Mikis Theodorakis

UNESCO Courier, July-August, 1992

No one who has heard the wonderful bouzouki melodies written by the Greek composer Mikis Theedorakis for Zorba the Greek or his theme music for two other noted films, Z and Etat de Siege, will ever forget them. Theodorakis has infused the soul and spirit of the Greek people into all his musical works. He is also a militant who today, as a member of his country's parliament, continues a struggle for freedom and justice which began when he joined the wartime resistance as a teenager and has taken him more than once to prison or into exile. Here he looks back on the circumstances that gave rise to his musical vocation and his political commitment.

* Tell us something about your early life. was born on 29 July 1925 on the island of Chios, opposite the native village of my mother on the mainland of Asia Minor, in what is now Turkey. My father was from Crete. He had volunteered to serve in the first Balkan War, in which he was wounded, and had then entered the civil service. When the Greek army occupied Smyrna, he was posted to the small town of Bourla, where he met my mother. She came from a very poor family. Her father was a farmer during the winter and went out fishing in the summer. Her brother, who had had an education, later became a Director in the Ministry of Economic Affairs. My family therefore came from the lower middle class of government officials who instilled a sense of discipline in their children.

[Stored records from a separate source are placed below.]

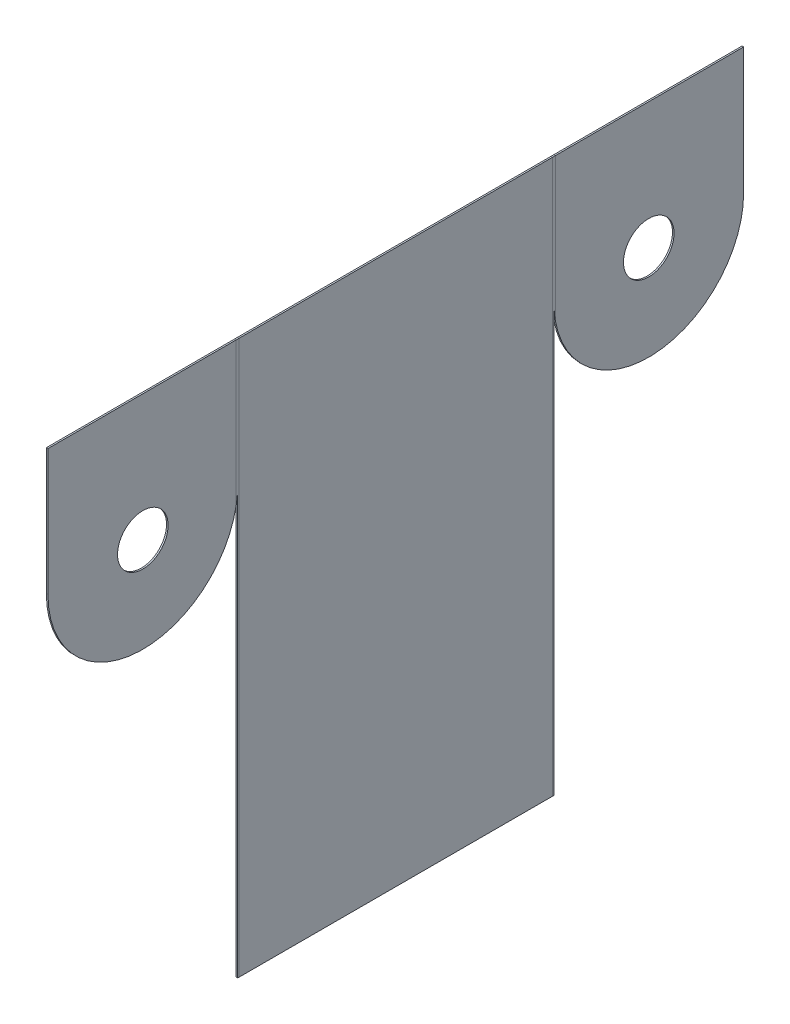
ISO-10303-21;
HEADER;
FILE_DESCRIPTION(('STEP AP214'),'2;1');
FILE_NAME('part.step','',(''),(''),'','','');
FILE_SCHEMA(('AUTOMOTIVE_DESIGN { 1 0 10303 214 1 1 1 1 }'));
ENDSEC;
DATA;
#1=APPLICATION_CONTEXT('core data for automotive mechanical design processes');
#2=APPLICATION_PROTOCOL_DEFINITION('international standard','automotive_design',2000,#1);
#3=PRODUCT_CONTEXT('',#1,'mechanical');
#4=PRODUCT('Part','Part','',(#3));
#5=PRODUCT_RELATED_PRODUCT_CATEGORY('part','',(#4));
#6=PRODUCT_DEFINITION_FORMATION('','',#4);
#7=PRODUCT_DEFINITION_CONTEXT('part definition',#1,'design');
#8=PRODUCT_DEFINITION('design','',#6,#7);
#9=PRODUCT_DEFINITION_SHAPE('','',#8);
#10=(LENGTH_UNIT() NAMED_UNIT(*) SI_UNIT(.MILLI.,.METRE.));
#11=(NAMED_UNIT(*) PLANE_ANGLE_UNIT() SI_UNIT($,.RADIAN.));
#12=(NAMED_UNIT(*) SI_UNIT($,.STERADIAN.) SOLID_ANGLE_UNIT());
#13=UNCERTAINTY_MEASURE_WITH_UNIT(LENGTH_MEASURE(1.E-05),#10,'distance_accuracy_value','');
#14=(GEOMETRIC_REPRESENTATION_CONTEXT(3) GLOBAL_UNCERTAINTY_ASSIGNED_CONTEXT((#13)) GLOBAL_UNIT_ASSIGNED_CONTEXT((#10,
#11,#12)) REPRESENTATION_CONTEXT('',''));
#15=CARTESIAN_POINT('',(0.,0.,0.));
#16=DIRECTION('',(0.,0.,1.));
#17=DIRECTION('',(1.,0.,0.));
#18=AXIS2_PLACEMENT_3D('',#15,#16,#17);
#19=CARTESIAN_POINT('',(99.2346233688582,0.,259.765376631143));
#20=DIRECTION('',(1.,0.,0.));
#21=DIRECTION('',(0.,0.,-1.));
#22=AXIS2_PLACEMENT_3D('',#19,#20,#21);
#23=PLANE('',#22);
#24=DIRECTION('',(0.,0.,1.));
#25=VECTOR('',#24,1.);
#26=CARTESIAN_POINT('',(99.2346233688569,80.,-120.234623368857));
#27=LINE('',#26,#25);
#28=CARTESIAN_POINT('',(99.2346233688573,80.,0.736600000000004));
#29=VERTEX_POINT('',#28);
#30=CARTESIAN_POINT('',(99.234623368858,80.,198.794153262285));
#31=VERTEX_POINT('',#30);
#32=EDGE_CURVE('E431',#29,#31,#27,.T.);
#33=ORIENTED_EDGE('',*,*,#32,.F.);
#34=DIRECTION('',(0.,-1.,0.));
#35=VECTOR('',#34,1.);
#36=CARTESIAN_POINT('',(99.2346233688573,0.,0.736600000000004));
#37=LINE('',#36,#35);
#38=CARTESIAN_POINT('',(99.2346233688573,-270.,0.73659999999999));
#39=VERTEX_POINT('',#38);
#40=EDGE_CURVE('E404',#29,#39,#37,.T.);
#41=ORIENTED_EDGE('',*,*,#40,.T.);
#42=DIRECTION('',(0.,0.,-1.));
#43=VECTOR('',#42,1.);
#44=CARTESIAN_POINT('',(99.2346233688573,-270.,-0.234623368857323));
#45=LINE('',#44,#43);
#46=CARTESIAN_POINT('',(99.234623368858,-270.,198.794153262285));
#47=VERTEX_POINT('',#46);
#48=EDGE_CURVE('E428',#47,#39,#45,.T.);
#49=ORIENTED_EDGE('',*,*,#48,.F.);
#50=DIRECTION('',(0.,-1.,0.));
#51=VECTOR('',#50,1.);
#52=CARTESIAN_POINT('',(99.234623368858,0.,198.794153262285));
#53=LINE('',#52,#51);
#54=EDGE_CURVE('E309',#31,#47,#53,.T.);
#55=ORIENTED_EDGE('',*,*,#54,.F.);
#56=EDGE_LOOP('',(#33,#41,#49,#55));
#57=FACE_BOUND('',#56,.T.);
#58=ADVANCED_FACE('F67',(#57),#23,.F.);
#59=CARTESIAN_POINT('',(99.2346233688573,-270.,-0.234623368857323));
#60=DIRECTION('',(0.,-1.,0.));
#61=DIRECTION('',(-1.,0.,0.));
#62=AXIS2_PLACEMENT_3D('',#59,#60,#61);
#63=PLANE('',#62);
#64=DIRECTION('',(-1.,0.,0.));
#65=VECTOR('',#64,1.);
#66=CARTESIAN_POINT('',(99.2346233688573,-270.,0.73659999999999));
#67=LINE('',#66,#65);
#68=CARTESIAN_POINT('',(100.234623368857,-270.,0.736600000000004));
#69=VERTEX_POINT('',#68);
#70=EDGE_CURVE('E312',#69,#39,#67,.T.);
#71=ORIENTED_EDGE('',*,*,#70,.F.);
#72=DIRECTION('',(0.,0.,-1.));
#73=VECTOR('',#72,1.);
#74=CARTESIAN_POINT('',(100.234623368857,-270.,-0.234623368857323));
#75=LINE('',#74,#73);
#76=CARTESIAN_POINT('',(100.234623368858,-270.,198.794153262285));
#77=VERTEX_POINT('',#76);
#78=EDGE_CURVE('E92',#77,#69,#75,.T.);
#79=ORIENTED_EDGE('',*,*,#78,.F.);
#80=DIRECTION('',(-1.,0.,0.));
#81=VECTOR('',#80,1.);
#82=CARTESIAN_POINT('',(99.234623368858,-270.,198.794153262285));
#83=LINE('',#82,#81);
#84=EDGE_CURVE('E311',#77,#47,#83,.T.);
#85=ORIENTED_EDGE('',*,*,#84,.T.);
#86=ORIENTED_EDGE('',*,*,#48,.T.);
#87=EDGE_LOOP('',(#71,#79,#85,#86));
#88=FACE_BOUND('',#87,.T.);
#89=ADVANCED_FACE('F69',(#88),#63,.T.);
#90=CARTESIAN_POINT('',(99.2346233688584,80.,319.765376631143));
#91=DIRECTION('',(0.,1.,0.));
#92=DIRECTION('',(1.,0.,0.));
#93=AXIS2_PLACEMENT_3D('',#90,#91,#92);
#94=PLANE('',#93);
#95=DIRECTION('',(1.,0.,0.));
#96=VECTOR('',#95,1.);
#97=CARTESIAN_POINT('',(99.2346233688573,80.,0.736600000000004));
#98=LINE('',#97,#96);
#99=CARTESIAN_POINT('',(100.234623368857,80.,0.736600000000004));
#100=VERTEX_POINT('',#99);
#101=EDGE_CURVE('E394',#29,#100,#98,.T.);
#102=ORIENTED_EDGE('',*,*,#101,.F.);
#103=ORIENTED_EDGE('',*,*,#32,.T.);
#104=DIRECTION('',(1.,0.,0.));
#105=VECTOR('',#104,1.);
#106=CARTESIAN_POINT('',(99.234623368858,80.,198.794153262285));
#107=LINE('',#106,#105);
#108=CARTESIAN_POINT('',(100.234623368858,80.,198.794153262285));
#109=VERTEX_POINT('',#108);
#110=EDGE_CURVE('E12',#31,#109,#107,.T.);
#111=ORIENTED_EDGE('',*,*,#110,.T.);
#112=DIRECTION('',(0.,0.,1.));
#113=VECTOR('',#112,1.);
#114=CARTESIAN_POINT('',(100.234623368858,80.,319.765376631143));
#115=LINE('',#114,#113);
#116=EDGE_CURVE('E390',#100,#109,#115,.T.);
#117=ORIENTED_EDGE('',*,*,#116,.F.);
#118=EDGE_LOOP('',(#102,#103,#111,#117));
#119=FACE_BOUND('',#118,.T.);
#120=ADVANCED_FACE('F375',(#119),#94,.T.);
#121=CARTESIAN_POINT('',(100.234623368858,0.,259.765376631143));
#122=DIRECTION('',(1.,0.,0.));
#123=DIRECTION('',(0.,0.,-1.));
#124=AXIS2_PLACEMENT_3D('',#121,#122,#123);
#125=PLANE('',#124);
#126=DIRECTION('',(0.,-1.,0.));
#127=VECTOR('',#126,1.);
#128=CARTESIAN_POINT('',(100.234623368857,0.,0.736600000000004));
#129=LINE('',#128,#127);
#130=EDGE_CURVE('E388',#100,#69,#129,.T.);
#131=ORIENTED_EDGE('',*,*,#130,.F.);
#132=ORIENTED_EDGE('',*,*,#116,.T.);
#133=DIRECTION('',(0.,-1.,0.));
#134=VECTOR('',#133,1.);
#135=CARTESIAN_POINT('',(100.234623368858,0.,198.794153262285));
#136=LINE('',#135,#134);
#137=EDGE_CURVE('E76',#109,#77,#136,.T.);
#138=ORIENTED_EDGE('',*,*,#137,.T.);
#139=ORIENTED_EDGE('',*,*,#78,.T.);
#140=EDGE_LOOP('',(#131,#132,#138,#139));
#141=FACE_BOUND('',#140,.T.);
#142=ADVANCED_FACE('F379',(#141),#125,.T.);
#143=CARTESIAN_POINT('',(99.7346233688573,80.,-0.234623368857285));
#144=DIRECTION('',(0.,-1.,0.));
#145=DIRECTION('',(0.,0.,1.));
#146=AXIS2_PLACEMENT_3D('',#143,#144,#145);
#147=PLANE('',#146);
#148=ORIENTED_EDGE('',*,*,#101,.T.);
#149=DIRECTION('',(0.,0.,1.));
#150=VECTOR('',#149,1.);
#151=CARTESIAN_POINT('',(100.234623368857,80.,-0.234623368857286));
#152=LINE('',#151,#150);
#153=CARTESIAN_POINT('',(100.234623368857,80.,-1.20584673771457));
#154=VERTEX_POINT('',#153);
#155=EDGE_CURVE('E400',#100,#154,#152,.F.);
#156=ORIENTED_EDGE('',*,*,#155,.T.);
#157=DIRECTION('',(1.,0.,0.));
#158=VECTOR('',#157,1.);
#159=CARTESIAN_POINT('',(99.2346233688573,80.,-1.20584673771457));
#160=LINE('',#159,#158);
#161=CARTESIAN_POINT('',(99.2346233688573,80.,-1.2058467377146));
#162=VERTEX_POINT('',#161);
#163=EDGE_CURVE('E463',#162,#154,#160,.T.);
#164=ORIENTED_EDGE('',*,*,#163,.F.);
#165=DIRECTION('',(0.,0.,1.));
#166=VECTOR('',#165,1.);
#167=CARTESIAN_POINT('',(99.2346233688573,80.,-0.234623368857283));
#168=LINE('',#167,#166);
#169=EDGE_CURVE('E306',#29,#162,#168,.F.);
#170=ORIENTED_EDGE('',*,*,#169,.F.);
#171=EDGE_LOOP('',(#148,#156,#164,#170));
#172=FACE_BOUND('',#171,.T.);
#173=ADVANCED_FACE('F287',(#172),#147,.F.);
#174=CARTESIAN_POINT('',(99.734623368857,1.2490009027033E-13,-60.2346233688573));
#175=DIRECTION('',(-1.,0.,0.));
#176=DIRECTION('',(0.,0.,1.));
#177=AXIS2_PLACEMENT_3D('',#174,#175,#176);
#178=CYLINDRICAL_SURFACE('',#177,60.);
#179=CARTESIAN_POINT('',(100.234623368857,-10.7519081762569,-1.20584673771456));
#180=DIRECTION('',(-1.,0.,0.));
#181=VECTOR('',#180,1.);
#182=LINE('',#179,#181);
#183=CARTESIAN_POINT('',(100.234623368857,-10.7519081762569,-1.20584673771457));
#184=VERTEX_POINT('',#183);
#185=CARTESIAN_POINT('',(99.2346233688573,-10.7519081762569,-1.20584673771457));
#186=VERTEX_POINT('',#185);
#187=EDGE_CURVE('E248',#184,#186,#182,.T.);
#188=ORIENTED_EDGE('',*,*,#187,.F.);
#189=CARTESIAN_POINT('',(100.234623368857,1.2490009027033E-13,-60.2346233688573));
#190=DIRECTION('',(-1.,0.,0.));
#191=DIRECTION('',(0.,0.,1.));
#192=AXIS2_PLACEMENT_3D('',#189,#190,#191);
#193=CIRCLE('',#192,60.);
#194=CARTESIAN_POINT('',(100.234623368857,1.25054974259178E-13,-0.234623368857285));
#195=VERTEX_POINT('',#194);
#196=EDGE_CURVE('E411',#184,#195,#193,.T.);
#197=ORIENTED_EDGE('',*,*,#196,.T.);
#198=DIRECTION('',(-1.,0.,0.));
#199=VECTOR('',#198,1.);
#200=CARTESIAN_POINT('',(99.7346233688573,1.2490009027033E-13,-0.234623368857281));
#201=LINE('',#200,#199);
#202=CARTESIAN_POINT('',(99.2346233688573,1.24745206281482E-13,-0.234623368857284));
#203=VERTEX_POINT('',#202);
#204=EDGE_CURVE('E423',#195,#203,#201,.T.);
#205=ORIENTED_EDGE('',*,*,#204,.T.);
#206=CARTESIAN_POINT('',(99.234623368857,1.2490009027033E-13,-60.2346233688573));
#207=DIRECTION('',(-1.,0.,0.));
#208=DIRECTION('',(0.,0.,1.));
#209=AXIS2_PLACEMENT_3D('',#206,#207,#208);
#210=CIRCLE('',#209,60.);
#211=EDGE_CURVE('E296',#186,#203,#210,.T.);
#212=ORIENTED_EDGE('',*,*,#211,.F.);
#213=EDGE_LOOP('',(#188,#197,#205,#212));
#214=FACE_BOUND('',#213,.T.);
#215=ADVANCED_FACE('F282',(#214),#178,.T.);
#216=CARTESIAN_POINT('',(99.7346233688573,-95.,-0.234623368857288));
#217=DIRECTION('',(0.,0.,1.));
#218=DIRECTION('',(0.,1.,0.));
#219=AXIS2_PLACEMENT_3D('',#216,#217,#218);
#220=PLANE('',#219);
#221=ORIENTED_EDGE('',*,*,#204,.F.);
#222=DIRECTION('',(0.,1.,0.));
#223=VECTOR('',#222,1.);
#224=CARTESIAN_POINT('',(100.234623368857,-95.,-0.234623368857289));
#225=LINE('',#224,#223);
#226=CARTESIAN_POINT('',(100.234623368857,-270.,-0.234623368857289));
#227=VERTEX_POINT('',#226);
#228=EDGE_CURVE('E414',#195,#227,#225,.F.);
#229=ORIENTED_EDGE('',*,*,#228,.T.);
#230=DIRECTION('',(-1.,0.,0.));
#231=VECTOR('',#230,1.);
#232=CARTESIAN_POINT('',(99.7346233688573,-270.,-0.234623368857288));
#233=LINE('',#232,#231);
#234=CARTESIAN_POINT('',(99.2346233688573,-270.,-0.234623368857286));
#235=VERTEX_POINT('',#234);
#236=EDGE_CURVE('E425',#227,#235,#233,.T.);
#237=ORIENTED_EDGE('',*,*,#236,.T.);
#238=DIRECTION('',(0.,1.,0.));
#239=VECTOR('',#238,1.);
#240=CARTESIAN_POINT('',(99.2346233688573,-95.,-0.234623368857286));
#241=LINE('',#240,#239);
#242=EDGE_CURVE('E305',#203,#235,#241,.F.);
#243=ORIENTED_EDGE('',*,*,#242,.F.);
#244=EDGE_LOOP('',(#221,#229,#237,#243));
#245=FACE_BOUND('',#244,.T.);
#246=ADVANCED_FACE('F279',(#245),#220,.F.);
#247=CARTESIAN_POINT('',(99.7346233688573,-270.,-0.234623368857285));
#248=DIRECTION('',(0.,-1.,0.));
#249=DIRECTION('',(0.,0.,1.));
#250=AXIS2_PLACEMENT_3D('',#247,#248,#249);
#251=PLANE('',#250);
#252=DIRECTION('',(0.,0.,1.));
#253=VECTOR('',#252,1.);
#254=CARTESIAN_POINT('',(100.234623368857,-270.,-0.234623368857286));
#255=LINE('',#254,#253);
#256=EDGE_CURVE('E421',#227,#69,#255,.T.);
#257=ORIENTED_EDGE('',*,*,#256,.T.);
#258=ORIENTED_EDGE('',*,*,#70,.T.);
#259=DIRECTION('',(0.,0.,1.));
#260=VECTOR('',#259,1.);
#261=CARTESIAN_POINT('',(99.2346233688573,-270.,-0.234623368857283));
#262=LINE('',#261,#260);
#263=EDGE_CURVE('E427',#235,#39,#262,.T.);
#264=ORIENTED_EDGE('',*,*,#263,.F.);
#265=ORIENTED_EDGE('',*,*,#236,.F.);
#266=EDGE_LOOP('',(#257,#258,#264,#265));
#267=FACE_BOUND('',#266,.T.);
#268=ADVANCED_FACE('F273',(#267),#251,.T.);
#269=CARTESIAN_POINT('',(99.2346233688573,-95.,-0.234623368857283));
#270=DIRECTION('',(-1.,0.,0.));
#271=DIRECTION('',(0.,0.,1.));
#272=AXIS2_PLACEMENT_3D('',#269,#270,#271);
#273=PLANE('',#272);
#274=ORIENTED_EDGE('',*,*,#242,.T.);
#275=ORIENTED_EDGE('',*,*,#263,.T.);
#276=ORIENTED_EDGE('',*,*,#40,.F.);
#277=ORIENTED_EDGE('',*,*,#169,.T.);
#278=DIRECTION('',(0.,-1.,0.));
#279=VECTOR('',#278,1.);
#280=CARTESIAN_POINT('',(99.2346233688573,0.,-1.20584673771457));
#281=LINE('',#280,#279);
#282=EDGE_CURVE('E243',#162,#186,#281,.T.);
#283=ORIENTED_EDGE('',*,*,#282,.T.);
#284=ORIENTED_EDGE('',*,*,#211,.T.);
#285=EDGE_LOOP('',(#274,#275,#276,#277,#283,#284));
#286=FACE_BOUND('',#285,.T.);
#287=ADVANCED_FACE('F269',(#286),#273,.T.);
#288=CARTESIAN_POINT('',(100.234623368857,-95.,-0.234623368857286));
#289=DIRECTION('',(-1.,0.,0.));
#290=DIRECTION('',(0.,0.,1.));
#291=AXIS2_PLACEMENT_3D('',#288,#289,#290);
#292=PLANE('',#291);
#293=ORIENTED_EDGE('',*,*,#228,.F.);
#294=ORIENTED_EDGE('',*,*,#196,.F.);
#295=DIRECTION('',(0.,-1.,0.));
#296=VECTOR('',#295,1.);
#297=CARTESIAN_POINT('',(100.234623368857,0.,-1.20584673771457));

I was born after the military defeat which Greece suffered following the Turkish revolution of Kemal Ataturk. It was a real tragedy for the country. I think that Greece lost its soul when it lost Ionia. Greece and Turkey have been in conflict with one another over long periods of their history. The first Greek nationalist revolution was directed against the Ottomans, in 1821. And Crete remained under Turkish domination until 1912.

Many of our relatives, on both my father's and my mother's sides, were victims of these confrontations and made great sacrifices. My father used to say that our two families had shed a river of blood. I therefore grew up in an atmosphere of patriotic stories and the stirring revolutionary songs known as Rizitika, which had a very great influence on me.

* Even so, you have memories of a happy childhood.

-- Yes. We had a country house, where we were surrounded by aunts and uncles forming one big family. This house had also been the home and source of inspiration of a famous naive painter, Theophilos. It was a wonderful experience to live there in the middle of the olive groves, the orange trees and the flowers, overlooking the sea. I remember that there was a boat which used to sail past twice a week. The impression which that white boat on the blue sea has left on me is like a wound, like the mark of a scar left by a moment of exhilaration. I really believe that I have tried, in everything I have composed, to recreate that beauty and rediscover those images engraved in my memory like a childhood dream.

I also remember evenings we spent with my father, stretched out on the ground gazing at the stars. He knew a lot about the stars and he explained them to me and made me follow them, telling me their names and their history.

Another of those childhood memories that leave an indelible mark on you came from my uncle. Just before he was posted to Alexandria as consul, he came back to the village to get married and brought me a gramophone as a present, together with records of Greek classical and popular music and of jazz, which was then at its height. I was only four years old and there I was discovering music! We used to hold social evenings at which young people danced the Charleston and the foxtrot and I was put in charge of the gramophone. Moments like those have meant a lot to me throughout my life

My uncle also gave me a set of recordings of operatic arias, which for a long time made me afraid of opera. I think that this was probably because, for a child of my age, there was something frightening about the voices of those famous tenors and prima donnas. I was sixty before I made up my mind to tackle opera. The music I heard on that gramophone in my childhood certainly contributed to developing my tastes for a long time to come.

What sort of child were you?

-- I had some crazy ideas. I wanted to fly like a bird. I climbed a tree and flung myself into the air and almost broke my neck. Then I did it again, because I was sure that I would be able to fly. One day, I wanted to take off from the top of a three-metre-high wail, because I thought that I would be able to fly down to the beach below. I was just about to jump when my grandfather suddenly came out of nowhere and tried to catch me and stop me from hurting myself. I fell on top of him and he lost his balance. I broke my wrist, but the old man broke his leg. There was utter panic all around me. Everybody was obsessed with my wrist, but nobody bothered about my grandfather. He was very embittered, and started to refuse his food. It was this, coupled with the after-effects of his broken leg, that eventually ruined his health. He died not long afterwards. That was the first time I had seen a dead person and I didn't realize what it was all about.